The statutory Independent Communications Authority of South Africa (Icasa) has called for comment from interested parties on its discussion document issued this month regarding fixed-line telephone price-cap regulations.
Icasa spokesperson Vimla Maistry on Friday said the closing date for comments is December 7, after which the regulator will hold public hearings on December 13 and 14.
Although Telkom filed its tariff adjustments for 2005 with the regulator this month, the telecommunications group has highlighted that the filing is not related to the regulator’s discussion document.
In proposing an average tariff hike of 0,2% this week, Telkom said such rates demonstrate that the fixed-line monopoly’s tariffs are “highly competitive and among the most affordable in the world”.

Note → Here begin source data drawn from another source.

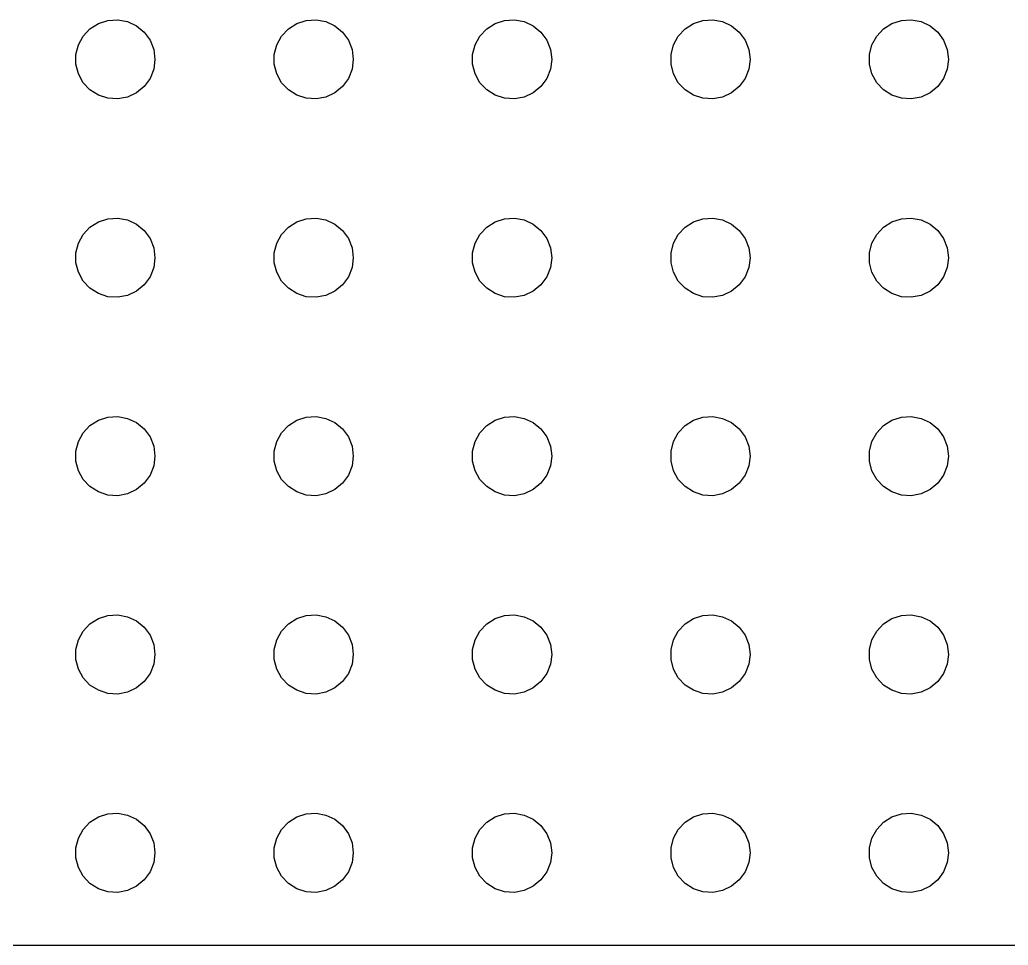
# Model space of a CAD drawing. Header units: metres. Extents: x -149 to 150, y -149 to 149.
# Drawn here: x -74.7 to 0, y -149.5 to -79.5 of the extents above; entities that cross this region are included whole.
import ezdxf

# ---------------------------------------------------------------- set-up
doc = ezdxf.new("R2010")
doc.units = ezdxf.units.M

msp = doc.modelspace()

# ---------------------------------------------------------------- linework, layer by layer
for p, q in [((-69.4123, -80.1885), (-68.7773, -79.7855)), ((-68.7773, -79.7855), (-68.0621, -79.5531)), ((-68.0621, -79.5531), (-67.3116, -79.5059)), ((-67.3116, -79.5059), (-66.573, -79.6468)), ((-66.573, -79.6468), (-65.8925, -79.967)), ((-65.8925, -79.967), (-65.3131, -80.4464)), ((-54.4123, -80.1885), (-53.7773, -79.7855)), ((-53.7773, -79.7855), (-53.0621, -79.5531)), ((-53.0621, -79.5531), (-52.3116, -79.5059)), ((-52.3116, -79.5059), (-51.5729, -79.6468)), ((-51.5729, -79.6468), (-50.8925, -79.967)), ((-50.8925, -79.967), (-50.3131, -80.4464)), ((-39.4123, -80.1885), (-38.7773, -79.7855)), ((-38.7773, -79.7855), (-38.0621, -79.5531)), ((-38.0621, -79.5531), (-37.3116, -79.5059)), ((-37.3116, -79.5059), (-36.5729, -79.6468)), ((-36.5729, -79.6468), (-35.8925, -79.967)), ((-35.8925, -79.967), (-35.3131, -80.4464)), ((-24.4123, -80.1885), (-23.7773, -79.7855)), ((-23.7773, -79.7855), (-23.0621, -79.5531)), ((-23.0621, -79.5531), (-22.3116, -79.5059)), ((-22.3116, -79.5059), (-21.5729, -79.6468)), ((-21.5729, -79.6468), (-20.8925, -79.967)), ((-20.8925, -79.967), (-20.3131, -80.4464)), ((-9.41226, -80.1885), (-8.77733, -79.7855)), ((-8.77733, -79.7855), (-8.06213, -79.5531)), ((-8.06213, -79.5531), (-7.31161, -79.5059)), ((-7.31161, -79.5059), (-6.57294, -79.6468)), ((-6.57294, -79.6468), (-5.89252, -79.967)), ((-5.89252, -79.967), (-5.31308, -80.4464)), ((-69.927, -80.7366), (-69.4123, -80.1885)), ((-65.3131, -80.4464), (-64.8711, -81.0547)), ((-54.927, -80.7366), (-54.4123, -80.1885)), ((-50.3131, -80.4464), (-49.8711, -81.0547)), ((-39.927, -80.7366), (-39.4123, -80.1885)), ((-35.3131, -80.4464), (-34.8711, -81.0547)), ((-24.927, -80.7366), (-24.4123, -80.1885)), ((-20.3131, -80.4464), (-19.8711, -81.0547)), ((-9.92705, -80.7366), (-9.41226, -80.1885)), ((-5.31308, -80.4464), (-4.87108, -81.0547)), ((-70.4763, -82.124), (-70.2893, -81.3956)), ((-70.2893, -81.3956), (-69.927, -80.7366)), ((-64.8711, -81.0547), (-64.5943, -81.7539)), ((-55.4763, -82.124), (-55.2893, -81.3956)), ((-55.2893, -81.3956), (-54.927, -80.7366)), ((-49.8711, -81.0547), (-49.5942, -81.7539)), ((-40.4763, -82.124), (-40.2893, -81.3956)), ((-40.2893, -81.3956), (-39.927, -80.7366)), ((-34.8711, -81.0547), (-34.5942, -81.7539)), ((-25.4763, -82.124), (-25.2893, -81.3956)), ((-25.2893, -81.3956), (-24.927, -80.7366)), ((-19.8711, -81.0547), (-19.5942, -81.7539)), ((-10.4763, -82.124), (-10.2893, -81.3956)), ((-10.2893, -81.3956), (-9.92705, -80.7366)), ((-4.87108, -81.0547), (-4.59424, -81.7539)), ((-70.4763, -82.876), (-70.4763, -82.124)), ((-64.5943, -81.7539), (-64.5, -82.5)), ((-55.4763, -82.876), (-55.4763, -82.124)), ((-49.5942, -81.7539), (-49.5, -82.5)), ((-40.4763, -82.876), (-40.4763, -82.124)), ((-34.5942, -81.7539), (-34.5, -82.5)), ((-25.4763, -82.876), (-25.4763, -82.124)), ((-19.5942, -81.7539), (-19.5, -82.5)), ((-10.4763, -82.876), (-10.4763, -82.124)), ((-4.59424, -81.7539), (-4.5, -82.5)), ((-70.2893, -83.6044), (-70.4763, -82.876)), ((-64.5, -82.5), (-64.5943, -83.2461)), ((-55.2893, -83.6044), (-55.4763, -82.876)), ((-49.5, -82.5), (-49.5942, -83.2461)), ((-40.2893, -83.6044), (-40.4763, -82.876)), ((-34.5, -82.5), (-34.5942, -83.2461)), ((-25.2893, -83.6044), (-25.4763, -82.876)), ((-19.5, -82.5), (-19.5942, -83.2461)), ((-10.2893, -83.6044), (-10.4763, -82.876)), ((-4.5, -82.5), (-4.59424, -83.2461)), ((-69.927, -84.2634), (-70.2893, -83.6044)), ((-64.5943, -83.2461), (-64.8711, -83.9453)), ((-54.927, -84.2634), (-55.2893, -83.6044)), ((-49.5942, -83.2461), (-49.8711, -83.9453)), ((-39.927, -84.2634), (-40.2893, -83.6044)), ((-34.5942, -83.2461), (-34.8711, -83.9453)), ((-24.927, -84.2634), (-25.2893, -83.6044)), ((-19.5942, -83.2461), (-19.8711, -83.9453)), ((-9.92705, -84.2634), (-10.2893, -83.6044)), ((-4.59424, -83.2461), (-4.87108, -83.9453)), ((-69.4123, -84.8115), (-69.927, -84.2634)), ((-64.8711, -83.9453), (-65.3131, -84.5536)), ((-54.4123, -84.8115), (-54.927, -84.2634)), ((-49.8711, -83.9453), (-50.3131, -84.5536)), ((-39.4123, -84.8115), (-39.927, -84.2634)), ((-34.8711, -83.9453), (-35.3131, -84.5536)), ((-24.4123, -84.8115), (-24.927, -84.2634)), ((-19.8711, -83.9453), (-20.3131, -84.5536)), ((-9.41226, -84.8115), (-9.92705, -84.2634)), ((-4.87108, -83.9453), (-5.31308, -84.5536)), ((-68.7773, -85.2145), (-69.4123, -84.8115)), ((-65.8925, -85.033), (-66.573, -85.3532)), ((-65.3131, -84.5536), (-65.8925, -85.033)), ((-53.7773, -85.2145), (-54.4123, -84.8115)), ((-50.8925, -85.033), (-51.5729, -85.3532)), ((-50.3131, -84.5536), (-50.8925, -85.033)), ((-38.7773, -85.2145), (-39.4123, -84.8115)), ((-35.8925, -85.033), (-36.5729, -85.3532)), ((-35.3131, -84.5536), (-35.8925, -85.033)), ((-23.7773, -85.2145), (-24.4123, -84.8115)), ((-20.8925, -85.033), (-21.5729, -85.3532)), ((-20.3131, -84.5536), (-20.8925, -85.033)), ((-8.77733, -85.2145), (-9.41226, -84.8115)), ((-5.89252, -85.033), (-6.57294, -85.3532)), ((-5.31308, -84.5536), (-5.89252, -85.033)), ((-68.0621, -85.4469), (-68.7773, -85.2145)), ((-67.3116, -85.4941), (-68.0621, -85.4469)), ((-66.573, -85.3532), (-67.3116, -85.4941)), ((-53.0621, -85.4469), (-53.7773, -85.2145)), ((-52.3116, -85.4941), (-53.0621, -85.4469)), ((-51.5729, -85.3532), (-52.3116, -85.4941)), ((-38.0621, -85.4469), (-38.7773, -85.2145)), ((-37.3116, -85.4941), (-38.0621, -85.4469)), ((-36.5729, -85.3532), (-37.3116, -85.4941)), ((-23.0621, -85.4469), (-23.7773, -85.2145)), ((-22.3116, -85.4941), (-23.0621, -85.4469)), ((-21.5729, -85.3532), (-22.3116, -85.4941)), ((-8.06213, -85.4469), (-8.77733, -85.2145)), ((-7.31161, -85.4941), (-8.06213, -85.4469)), ((-6.57294, -85.3532), (-7.31161, -85.4941)), ((-69.4123, -95.1885), (-68.7773, -94.7855)), ((-68.7773, -94.7855), (-68.0621, -94.5531)), ((-68.0621, -94.5531), (-67.3116, -94.5059)), ((-67.3116, -94.5059), (-66.573, -94.6468)), ((-66.573, -94.6468), (-65.8925, -94.967)), ((-54.4123, -95.1885), (-53.7773, -94.7855)), ((-53.7773, -94.7855), (-53.0621, -94.5531)), ((-53.0621, -94.5531), (-52.3116, -94.5059)), ((-52.3116, -94.5059), (-51.5729, -94.6468)), ((-51.5729, -94.6468), (-50.8925, -94.967)), ((-39.4123, -95.1885), (-38.7773, -94.7855)), ((-38.7773, -94.7855), (-38.0621, -94.5531)), ((-38.0621, -94.5531), (-37.3116, -94.5059)), ((-37.3116, -94.5059), (-36.5729, -94.6468)), ((-36.5729, -94.6468), (-35.8925, -94.967)), ((-24.4123, -95.1885), (-23.7773, -94.7855)), ((-23.7773, -94.7855), (-23.0621, -94.5531)), ((-23.0621, -94.5531), (-22.3116, -94.5059)), ((-22.3116, -94.5059), (-21.5729, -94.6468)), ((-21.5729, -94.6468), (-20.8925, -94.967)), ((-9.41226, -95.1885), (-8.77733, -94.7855)), ((-8.77733, -94.7855), (-8.06213, -94.5531)), ((-8.06213, -94.5531), (-7.31161, -94.5059)), ((-7.31161, -94.5059), (-6.57294, -94.6468)), ((-6.57294, -94.6468), (-5.89252, -94.967)), ((-69.927, -95.7366), (-69.4123, -95.1885)), ((-65.8925, -94.967), (-65.3131, -95.4464)), ((-65.3131, -95.4464), (-64.8711, -96.0547)), ((-54.927, -95.7366), (-54.4123, -95.1885)), ((-50.8925, -94.967), (-50.3131, -95.4464)), ((-50.3131, -95.4464), (-49.8711, -96.0547)), ((-39.927, -95.7366), (-39.4123, -95.1885)), ((-35.8925, -94.967), (-35.3131, -95.4464)), ((-35.3131, -95.4464), (-34.8711, -96.0547)), ((-24.927, -95.7366), (-24.4123, -95.1885)), ((-20.8925, -94.967), (-20.3131, -95.4464)), ((-20.3131, -95.4464), (-19.8711, -96.0547)), ((-9.92705, -95.7366), (-9.41226, -95.1885)), ((-5.89252, -94.967), (-5.31308, -95.4464)), ((-5.31308, -95.4464), (-4.87108, -96.0547)), ((-70.4763, -97.124), (-70.2893, -96.3956)), ((-70.2893, -96.3956), (-69.927, -95.7366)), ((-64.8711, -96.0547), (-64.5943, -96.7539)), ((-55.4763, -97.124), (-55.2893, -96.3956)), ((-55.2893, -96.3956), (-54.927, -95.7366)), ((-49.8711, -96.0547), (-49.5942, -96.7539)), ((-40.4763, -97.124), (-40.2893, -96.3956)), ((-40.2893, -96.3956), (-39.927, -95.7366)), ((-34.8711, -96.0547), (-34.5942, -96.7539)), ((-25.4763, -97.124), (-25.2893, -96.3956)), ((-25.2893, -96.3956), (-24.927, -95.7366)), ((-19.8711, -96.0547), (-19.5942, -96.7539)), ((-10.4763, -97.124), (-10.2893, -96.3956)), ((-10.2893, -96.3956), (-9.92705, -95.7366)), ((-4.87108, -96.0547), (-4.59424, -96.7539)), ((-70.4763, -97.876), (-70.4763, -97.124)), ((-64.5943, -96.7539), (-64.5, -97.5)), ((-55.4763, -97.876), (-55.4763, -97.124)), ((-49.5942, -96.7539), (-49.5, -97.5)), ((-40.4763, -97.876), (-40.4763, -97.124)), ((-34.5942, -96.7539), (-34.5, -97.5)), ((-25.4763, -97.876), (-25.4763, -97.124)), ((-19.5942, -96.7539), (-19.5, -97.5)), ((-10.4763, -97.876), (-10.4763, -97.124)), ((-4.59424, -96.7539), (-4.5, -97.5)), ((-70.2893, -98.6044), (-70.4763, -97.876)), ((-64.5, -97.5), (-64.5943, -98.2461)), ((-55.2893, -98.6044), (-55.4763, -97.876)), ((-49.5, -97.5), (-49.5942, -98.2461)), ((-40.2893, -98.6044), (-40.4763, -97.876)), ((-34.5, -97.5), (-34.5942, -98.2461)), ((-25.2893, -98.6044), (-25.4763, -97.876)), ((-19.5, -97.5), (-19.5942, -98.2461)), ((-10.2893, -98.6044), (-10.4763, -97.876)), ((-4.5, -97.5), (-4.59424, -98.2461)), ((-69.927, -99.2634), (-70.2893, -98.6044)), ((-64.5943, -98.2461), (-64.8711, -98.9453)), ((-54.927, -99.2634), (-55.2893, -98.6044)), ((-49.5942, -98.2461), (-49.8711, -98.9453)), ((-39.927, -99.2634), (-40.2893, -98.6044)), ((-34.5942, -98.2461), (-34.8711, -98.9453)), ((-24.927, -99.2634), (-25.2893, -98.6044)), ((-19.5942, -98.2461), (-19.8711, -98.9453)), ((-9.92705, -99.2634), (-10.2893, -98.6044)), ((-4.59424, -98.2461), (-4.87108, -98.9453)), ((-69.4123, -99.8115), (-69.927, -99.2634)), ((-64.8711, -98.9453), (-65.3131, -99.5536)), ((-54.4123, -99.8115), (-54.927, -99.2634)), ((-49.8711, -98.9453), (-50.3131, -99.5536)), ((-39.4123, -99.8115), (-39.927, -99.2634)), ((-34.8711, -98.9453), (-35.3131, -99.5536)), ((-24.4123, -99.8115), (-24.927, -99.2634)), ((-19.8711, -98.9453), (-20.3131, -99.5536)), ((-9.41226, -99.8115), (-9.92705, -99.2634)), ((-4.87108, -98.9453), (-5.31308, -99.5536)), ((-68.7773, -100.214), (-69.4123, -99.8115)), ((-65.8925, -100.033), (-66.573, -100.353)), ((-65.3131, -99.5536), (-65.8925, -100.033)), ((-53.7773, -100.214), (-54.4123, -99.8115)), ((-50.8925, -100.033), (-51.5729, -100.353)), ((-50.3131, -99.5536), (-50.8925, -100.033)), ((-38.7773, -100.214), (-39.4123, -99.8115)), ((-35.8925, -100.033), (-36.5729, -100.353)), ((-35.3131, -99.5536), (-35.8925, -100.033)), ((-23.7773, -100.214), (-24.4123, -99.8115)), ((-20.8925, -100.033), (-21.5729, -100.353)), ((-20.3131, -99.5536), (-20.8925, -100.033)), ((-8.77733, -100.214), (-9.41226, -99.8115)), ((-5.89252, -100.033), (-6.57294, -100.353)), ((-5.31308, -99.5536), (-5.89252, -100.033)), ((-68.0621, -100.447), (-68.7773, -100.214)), ((-67.3116, -100.494), (-68.0621, -100.447)), ((-66.573, -100.353), (-67.3116, -100.494)), ((-53.0621, -100.447), (-53.7773, -100.214)), ((-52.3116, -100.494), (-53.0621, -100.447)), ((-51.5729, -100.353), (-52.3116, -100.494)), ((-38.0621, -100.447), (-38.7773, -100.214)), ((-37.3116, -100.494), (-38.0621, -100.447)), ((-36.5729, -100.353), (-37.3116, -100.494)), ((-23.0621, -100.447), (-23.7773, -100.214)), ((-22.3116, -100.494), (-23.0621, -100.447)), ((-21.5729, -100.353), (-22.3116, -100.494)), ((-8.06213, -100.447), (-8.77733, -100.214)), ((-7.31161, -100.494), (-8.06213, -100.447)), ((-6.57294, -100.353), (-7.31161, -100.494)), ((-69.4123, -110.188), (-68.7773, -109.786)), ((-68.7773, -109.786), (-68.0621, -109.553)), ((-68.0621, -109.553), (-67.3116, -109.506)), ((-67.3116, -109.506), (-66.573, -109.647)), ((-66.573, -109.647), (-65.8925, -109.967)), ((-54.4123, -110.188), (-53.7773, -109.786)), ((-53.7773, -109.786), (-53.0621, -109.553)), ((-53.0621, -109.553), (-52.3116, -109.506)), ((-52.3116, -109.506), (-51.5729, -109.647)), ((-51.5729, -109.647), (-50.8925, -109.967)), ((-39.4123, -110.188), (-38.7773, -109.786)), ((-38.7773, -109.786), (-38.0621, -109.553)), ((-38.0621, -109.553), (-37.3116, -109.506)), ((-37.3116, -109.506), (-36.5729, -109.647)), ((-36.5729, -109.647), (-35.8925, -109.967)), ((-24.4123, -110.188), (-23.7773, -109.786)), ((-23.7773, -109.786), (-23.0621, -109.553)), ((-23.0621, -109.553), (-22.3116, -109.506)), ((-22.3116, -109.506), (-21.5729, -109.647)), ((-21.5729, -109.647), (-20.8925, -109.967)), ((-9.41226, -110.188), (-8.77733, -109.786)), ((-8.77733, -109.786), (-8.06213, -109.553)), ((-8.06213, -109.553), (-7.31161, -109.506)), ((-7.31161, -109.506), (-6.57294, -109.647)), ((-6.57294, -109.647), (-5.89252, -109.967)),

Local call costs will from January 1 rise by 5,5% (to 59,4 cents — minimum charge). Standard-time calls to some popular international destinations such as Nigeria and the United States will be slashed by about 50%, with calls to Pakistan falling by 65,3% to R2,70 from R7,79 (minimum charge).
Icasa has also proposed that the revised price-control regulations incorporate a provision requiring Telkom to file a new set of price adjustments within 30 days of the regulations coming into effect.
“The price adjustments at that time will be required to reflect the average price reduction required at the new proposed rate of 4% below the rate of inflation for the remainder of the price control year,” Icasa said in a statement.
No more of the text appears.